**Brief:** All entries below are to be duplicated verbatim.

**Entries provided:**
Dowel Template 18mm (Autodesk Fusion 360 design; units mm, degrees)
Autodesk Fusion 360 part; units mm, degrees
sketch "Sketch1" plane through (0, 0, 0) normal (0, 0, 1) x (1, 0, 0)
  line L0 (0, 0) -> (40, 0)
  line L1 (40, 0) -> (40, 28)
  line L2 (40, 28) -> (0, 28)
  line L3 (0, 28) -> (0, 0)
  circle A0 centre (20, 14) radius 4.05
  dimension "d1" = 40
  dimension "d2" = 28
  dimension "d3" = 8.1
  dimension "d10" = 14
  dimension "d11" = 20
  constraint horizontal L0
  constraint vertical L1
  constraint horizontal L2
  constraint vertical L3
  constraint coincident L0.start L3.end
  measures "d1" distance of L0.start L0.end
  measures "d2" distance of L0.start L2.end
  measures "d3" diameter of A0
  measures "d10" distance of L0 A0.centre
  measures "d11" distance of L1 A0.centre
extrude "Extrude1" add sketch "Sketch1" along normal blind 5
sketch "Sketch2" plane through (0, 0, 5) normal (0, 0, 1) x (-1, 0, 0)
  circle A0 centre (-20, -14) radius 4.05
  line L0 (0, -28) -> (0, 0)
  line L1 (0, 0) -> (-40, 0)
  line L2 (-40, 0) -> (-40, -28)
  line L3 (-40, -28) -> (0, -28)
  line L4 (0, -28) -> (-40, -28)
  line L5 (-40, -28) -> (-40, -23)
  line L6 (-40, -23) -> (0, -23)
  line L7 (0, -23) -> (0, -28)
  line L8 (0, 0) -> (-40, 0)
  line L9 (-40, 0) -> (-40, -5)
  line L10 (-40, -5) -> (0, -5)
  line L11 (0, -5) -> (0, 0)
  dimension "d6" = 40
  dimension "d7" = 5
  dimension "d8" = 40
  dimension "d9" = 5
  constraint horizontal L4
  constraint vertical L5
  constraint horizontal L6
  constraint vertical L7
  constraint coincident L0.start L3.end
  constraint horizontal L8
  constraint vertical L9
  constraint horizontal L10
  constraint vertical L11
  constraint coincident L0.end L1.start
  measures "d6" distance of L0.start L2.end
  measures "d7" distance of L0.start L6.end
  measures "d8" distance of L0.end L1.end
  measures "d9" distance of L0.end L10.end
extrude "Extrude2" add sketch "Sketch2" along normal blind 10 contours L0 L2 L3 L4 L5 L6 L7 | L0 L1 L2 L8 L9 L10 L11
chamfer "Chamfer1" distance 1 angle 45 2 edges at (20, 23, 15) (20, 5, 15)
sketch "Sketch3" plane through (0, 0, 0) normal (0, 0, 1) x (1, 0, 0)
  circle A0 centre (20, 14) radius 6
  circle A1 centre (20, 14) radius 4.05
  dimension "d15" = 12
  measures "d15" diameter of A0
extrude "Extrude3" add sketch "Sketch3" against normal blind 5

**Task solution:**
Dowel Template 18mm (Autodesk Fusion 360 design; units mm, degrees)
Autodesk Fusion 360 part; units mm, degrees
sketch "Sketch1" plane through (0, 0, 0) normal (0, 0, 1) x (1, 0, 0)
  line L0 (0, 0) -> (40, 0)
  line L1 (40, 0) -> (40, 28)
  line L2 (40, 28) -> (0, 28)
  line L3 (0, 28) -> (0, 0)
  circle A0 centre (20, 14) radius 4.05
  dimension "d1" = 40
  dimension "d2" = 28
  dimension "d3" = 8.1
  dimension "d10" = 14
  dimension "d11" = 20
  constraint horizontal L0
  constraint vertical L1
  constraint horizontal L2
  constraint vertical L3
  constraint coincident L0.start L3.end
  measures "d1" distance of L0.start L0.end
  measures "d2" distance of L0.start L2.end
  measures "d3" diameter of A0
  measures "d10" distance of L0 A0.centre
  measures "d11" distance of L1 A0.centre
extrude "Extrude1" add sketch "Sketch1" along normal blind 5
sketch "Sketch2" plane through (0, 0, 5) normal (0, 0, 1) x (-1, 0, 0)
  circle A0 centre (-20, -14) radius 4.05
  line L0 (0, -28) -> (0, 0)
  line L1 (0, 0) -> (-40, 0)
  line L2 (-40, 0) -> (-40, -28)
  line L3 (-40, -28) -> (0, -28)
  line L4 (0, -28) -> (-40, -28)
  line L5 (-40, -28) -> (-40, -23)
  line L6 (-40, -23) -> (0, -23)
  line L7 (0, -23) -> (0, -28)
  line L8 (0, 0) -> (-40, 0)
  line L9 (-40, 0) -> (-40, -5)
  line L10 (-40, -5) -> (0, -5)
  line L11 (0, -5) -> (0, 0)
  dimension "d6" = 40
  dimension "d7" = 5
  dimension "d8" = 40
  dimension "d9" = 5
  constraint horizontal L4
  constraint vertical L5
  constraint horizontal L6
  constraint vertical L7
  constraint coincident L0.start L3.end
  constraint horizontal L8
  constraint vertical L9
  constraint horizontal L10
  constraint vertical L11
  constraint coincident L0.end L1.start
  measures "d6" distance of L0.start L2.end
  measures "d7" distance of L0.start L6.end
  measures "d8" distance of L0.end L1.end
  measures "d9" distance of L0.end L10.end
extrude "Extrude2" add sketch "Sketch2" along normal blind 10 contours L0 L2 L3 L4 L5 L6 L7 | L0 L1 L2 L8 L9 L10 L11
chamfer "Chamfer1" distance 1 angle 45 2 edges at (20, 23, 15) (20, 5, 15)
sketch "Sketch3" plane through (0, 0, 0) normal (0, 0, 1) x (1, 0, 0)
  circle A0 centre (20, 14) radius 6
  circle A1 centre (20, 14) radius 4.05
  dimension "d15" = 12
  measures "d15" diameter of A0
extrude "Extrude3" add sketch "Sketch3" against normal blind 5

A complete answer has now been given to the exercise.